After three months of induction of pancreatic α-cell- to β-cell conversion, the authors discovered that the potent reactivation of both Ngn3 and Sox11 expression occurred alongside a significant reduction in promoter DNA methylation, as evidenced by methyl-domain-binding capture and downstream qPCR (MBD-qPCR) [8]. Interestingly, the study linked the transcriptional changes and the decrease in DNA methylation to the increased expression of the ten-eleven translocation (TET) family that catalyzes the stepwise oxidation of 5-methylcytosine in DNA to 5-hydroxymethylcytosine and further oxidation products resulting in the loss of methylation [9]. Specifically, Arx deletion induced DNA demethylation by upregulating Tet1 and Tet2 expression, while Pax4 overexpression induced DNA demethylation by upregulating Tet2 and Tet3 expression.

The authors next hope to explore the specific epigenetic mechanisms regulating Ngn3 expression in a regenerative context to develop a means to efficiently regenerate pancreatic β-cells in adulthood as a treatment for diabetes.

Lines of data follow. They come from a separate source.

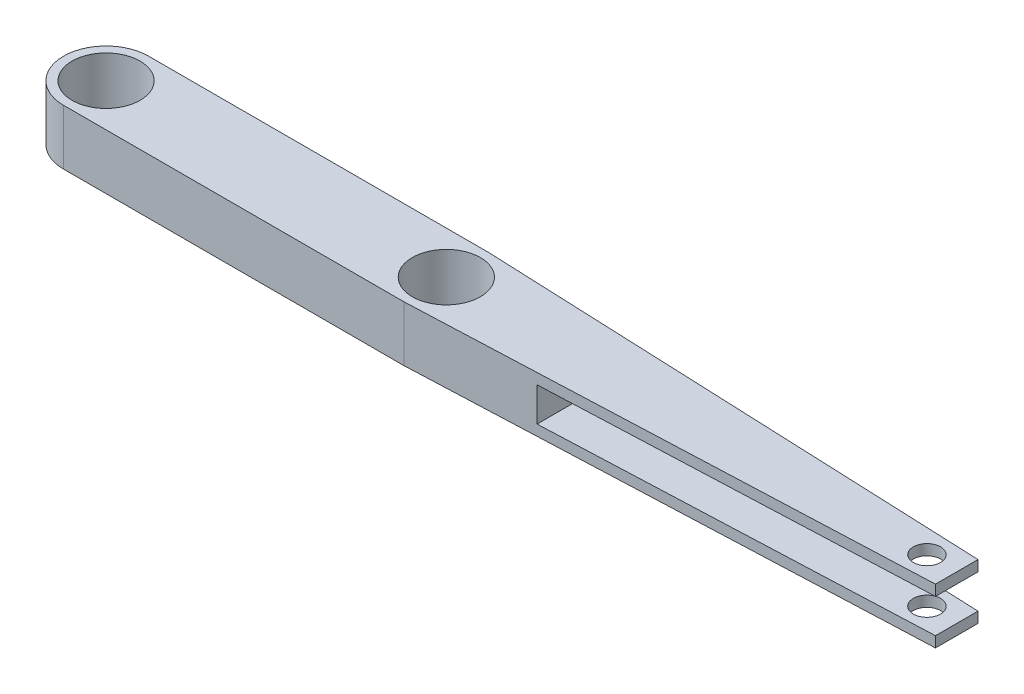
from build123d import *

# Parameters (mm, degrees)
SKETCH_1_R          = 4
EXTRUDE_1_DEPTH     = 6.5
SKETCH_2_R          = 1.6
CUT_EXTRUDE_3_DEPTH = 10
SKETCH_6_W          = 44.960988289
SKETCH_6_H          = 4
CUT_EXTRUDE_4_DEPTH = 10


with BuildPart() as part:
    # 草图1 → 凸台-拉伸1 (new body)
    with BuildSketch(Plane(origin=(0, 0, 0), x_dir=(1, 0, 0), z_dir=(0, 1, 0))):
        with BuildLine():
            ThreePointArc((0, 5), (-5, 0), (0, -5))
            Line((0, -5), (40, -5))
            Line((40, -5), (100, -2.5))
            Line((100, -2.5), (100, 2.5))
            Line((100, 2.5), (40, 5))
            Line((40, 5), (0, 5))
        make_face()
        Circle(SKETCH_1_R, mode=Mode.SUBTRACT)
        with Locations((40, 0)):
            Circle(SKETCH_1_R, mode=Mode.SUBTRACT)
    extrude(amount=EXTRUDE_1_DEPTH)

    # 草图2 → 切除-拉伸3 (cut)
    with BuildSketch(Plane(origin=(0, 6.5, 0), x_dir=(1, 0, 0), z_dir=(0, 1, 0))):
        with Locations((96.5, 0)):
            Circle(SKETCH_2_R)
    extrude(amount=-CUT_EXTRUDE_3_DEPTH, mode=Mode.SUBTRACT)

    # 草图6 → 切除-拉伸4 (cut)
    with BuildSketch(Plane(origin=(0, 0, -5), x_dir=(-1, 0, 0), z_dir=(0, 0, -1))):
        with Locations((-77.519505856, 3.25)):
            Rectangle(SKETCH_6_W, SKETCH_6_H)
    extrude(amount=-CUT_EXTRUDE_4_DEPTH, mode=Mode.SUBTRACT)


solid = part.part

For more on how modulating DNA methylation may lead to an exciting treatment for diabetes, stay tuned to the Stem Cells Portal!


References

  1. Collombat P, Hecksher-Sørensen J, Broccoli V, et al., The simultaneous loss of Arx and Pax4 genes promotes a somatostatin-producing cell fate specification at the expense of the α- and β-cell lineages in the mouse endocrine pancreas. Development 2005;132:2969.
  2. Al-Hasani K, Pfeifer A, Courtney M, et al., Adult Duct-Lining Cells Can Reprogram into β-like Cells Able to Counter Repeated Cycles of Toxin-Induced Diabetes. Developmental Cell 2013;26:86-100.
  3. Courtney M, Gjernes E, Druelle N, et al., The Inactivation of Arx in Pancreatic α-Cells Triggers Their Neogenesis and Conversion into Functional β-Like Cells. PLOS Genetics 2013;9:e1003934.
  4. Khurana I, Al-Hasani K, Maxwell S, et al., DNA methylation status correlates with adult β-cell regeneration capacity. npj Regenerative Medicine 2021;6:7.
  5. Gu G, Dubauskaite J, and Melton DA, Direct evidence for the pancreatic lineage: NGN3+ cells are islet progenitors and are distinct from duct progenitors. Development 2002;129:2447.
  6. Schwitzgebel VM, Scheel DW, Conners JR, et al., Expression of neurogenin3 reveals an islet cell precursor population in the pancreas. Development 2000;127:3533.
  7. Xu X, D'Hoker J, Stangé G, et al., β Cells Can Be Generated from Endogenous Progenitors in Injured Adult Mouse Pancreas. Cell 2008;132:197-207.
  8. Pirola L, Balcerczyk A, Tothill RW, et al., Genome-wide analysis distinguishes hyperglycemia regulated epigenetic signatures of primary vascular cells. Genome Research 2011;21:1601-1615.
  9. Rasmussen KD and Helin K, Role of TET enzymes in DNA methylation, development, and cancer. Genes & Development 2016;30:733-750.